While controlling for C_t, there is almost no significant correlation between ship speed and sea ice thickness. While controlling for C_a, the speed and the thickness of various sea ice types show a significant and weak negative correlation. While controlling for Th_AVG, the speed and various types of sea ice concentration all show significant and weak negative correlations. While controlling for Th_a, the speed and various types of sea ice concentration all show significant and weak negative correlations.

(2) Partial correlation analysis between sea ice conditions and ship speed variations

While controlling for C_t, there is no significant correlation between the speed variations and the sea ice thickness. While controlling for C_a, there is no significant correlation between the speed variations and the sea ice thickness. While controlling for Th_AVG, there are significant and weak correlations between ship speed variations and total sea ice concentration, Type A sea ice concentration, and Type B sea ice concentration, but there is no significant correlation with Type C sea ice concentration. While controlling for Th_a, the speed variations have significant and weak correlations with total sea ice concentration and Type A sea ice concentration but do not significantly correlate with Type B and Type C sea ice concentration.

(3) Partial correlation analysis between sea ice conditions and the absolute value of speed variations

While controlling for C_t, ship speed variations’ absolute value has a significant and weak correlation with sea ice’s average thickness and Type A sea ice thickness. Still, it does not significantly correlate with the thickness of Type B and Type C sea ice. While controlling for C_a, the absolute value of the speed variations does not significantly correlate with the thickness of various sea ice types. While controlling for Th_AVG, the absolute value of the speed variations does not significantly correlate with the concentration of various sea ice types. While controlling for Th_a, the absolute value of the speed variations does not significantly correlate with the concentration of various sea ice types.

(4) Partial correlation analysis between sea ice conditions and ship course variations

While controlling for C_t, there is no significant correlation between ship course variations and the thickness of various sea ice types. While controlling for C_a, ship course variations have no significant correlation with the thickness of various sea ice types. While controlling for Th_AVG, there is no significant correlation between ship course variations and the concentration of various sea ice types. While controlling for Th_a, there is no significant correlation between ship course variations and the concentration of various sea ice types.

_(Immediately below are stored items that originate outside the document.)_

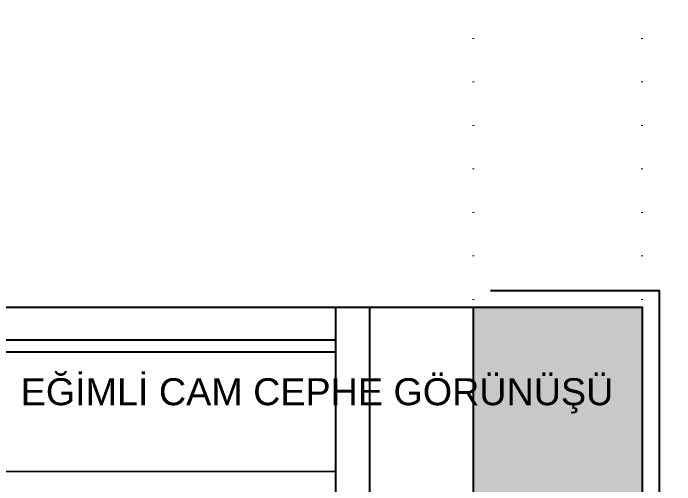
# Model space of a CAD drawing. Header units: inches. Extents: x 21 to 32698, y 13 to 3712.
# Drawn here: x 5273.5 to 5371.6, y 1325.7 to 1395.7 of the extents above; entities that cross this region are included whole.
import ezdxf

# ---------------------------------------------------------------- set-up
doc = ezdxf.new("R2010")
doc.units = ezdxf.units.IN
doc.header["$MEASUREMENT"] = 0
doc.linetypes.add('DOT', pattern=[6.35, 0, -6.35])
for name, color, linetype, lineweight in [('Z_MİM_-KM-BEAM-RAY', 8, 'DOT', 25), ('Z_MİM_-KM-Gor-15', 8, 'Continuous', 25), ('Z_MİM_-KM-PATTERN-STRC', 8, 'Continuous', 25), ('Z_MİM_-KM-STRC-CONCRETE', 8, 'Continuous', 25), ('Z_MİM_-KM-TEXT-DETL', 8, 'Continuous', 25), ('Z_MİM_-KM-WALL-PLASTER', 8, 'Continuous', 25), ('Z_MİM_00', 8, 'Continuous', 25)]:
    doc.layers.add(name, color=color, linetype=linetype, lineweight=lineweight)
doc.styles.get("Standard").update_dxf_attribs({"font": 'arial.ttf'})

# ---------------------------------------------------------------- blocks, each defined once
blk = doc.blocks.new('-KM_Kolon_ZK')
at = {"layer": 'Z_MİM_-KM-PATTERN-STRC'}
blk.add_hatch(color=256, dxfattribs=at).paths.add_polyline_path([(2009.999, 370), (2034.999, 370), (2034.999, 0), (2009.999, 0)], flags=0)
at = {"layer": 'Z_MİM_-KM-STRC-CONCRETE'}
blk.add_lwpolyline([(2009.999, 370), (2034.999, 370), (2034.999, 0), (2009.999, 0)], close=True, dxfattribs=at)
blk = doc.blocks.new('-KM- AL-2 EĞİMLİ CEPHE')
at = {"layer": 'Z_MİM_-KM-Gor-15'}
for p, q in [((-265.947, -0.213, -0.002), (-27.561, -0.213, 0)), ((-48.003, -0.253), (-47.996, -36.639)), ((-43.003, -0.253), (-43.003, -36.473)), ((-48.002, -5.11), (-152.296, -5.12, 0)), ((-48.002, -6.859), (-152.296, -6.869, 0)), ((-47.998, -24.601), (-152.292, -24.611, 0))]:
    blk.add_line(p, q, dxfattribs=at)
at = {"layer": 'Z_MİM_-KM-TEXT-DETL', "color": 7, "insert": (-94.687, -10.747), "char_height": 4, "attachment_point": 1}
blk.add_mtext_dynamic_manual_height_columns('EĞİMLİ CAM CEPHE GÖRÜNÜŞÜ', width=10924.71662, gutter_width=125, heights=[754.093], dxfattribs=at)
blk = doc.blocks.new('-KM_Kiriş İzi_ZK')
at = {"layer": 'Z_MİM_-KM-BEAM-RAY'}
for p, q in [((2010, 655), (2010, 370)), ((2035, 655), (2035, 370))]:
    blk.add_line(p, q, dxfattribs=at)

msp = doc.modelspace()

# ---------------------------------------------------------------- linework, layer by layer
at = {"layer": 'Z_MİM_-KM-WALL-PLASTER'}
msp.add_lwpolyline([(5344.258, 1354.583), (5369.257, 1354.583), (5369.257, 1004.583), (5744.258, 1004.583)], dxfattribs=at)

# ---------------------------------------------------------------- block references
at = {"layer": 'Z_MİM_-KM-BEAM-RAY'}
msp.add_blockref('-KM_Kiriş İzi_ZK', (3331.714, 982.083), dxfattribs=at)
at = {"layer": 'Z_MİM_-KM-STRC-CONCRETE'}
msp.add_blockref('-KM_Kolon_ZK', (3331.758, 982.083), dxfattribs=at)
at = {"layer": 'Z_MİM_00'}
msp.add_blockref('-KM- AL-2 EĞİMLİ CEPHE', (5369.318, 1352.296), dxfattribs=at)

doc.saveas('drawing.dxf')

(5) Partial correlation analysis between sea ice condition and the absolute value of ship course variations

While controlling for C_t, ship course variations’ absolute value has a significant and weak positive correlation with sea ice’s average thickness and Type A sea ice thickness. Still, it does not significantly correlate with the thickness of Type B and Type C sea ice. While controlling for C_a, the absolute value of ship course variations is significantly and positively correlated with the average sea ice thickness and the thickness of Type A sea ice, but not significantly correlated with the thickness of the Type B and Type C sea ice. While controlling for Th_AVG, the absolute value of ship course variations does not significantly correlate with the concentration of various sea ice types. While controlling for Th_a, the absolute value of ship course variations is significantly and positively correlated with sea ice concentration and Type A sea ice concentration, but not significantly correlated with Type B and Type C sea ice concentration.

5. Discussion

5.1. Ship Movement Characteristics in Polar Waters

The ship movement characteristics in icy waters are a reference value for ship design and management. This study extracts the ship movement characteristics in the Arctic and Antarctic icy waters based on statistical data.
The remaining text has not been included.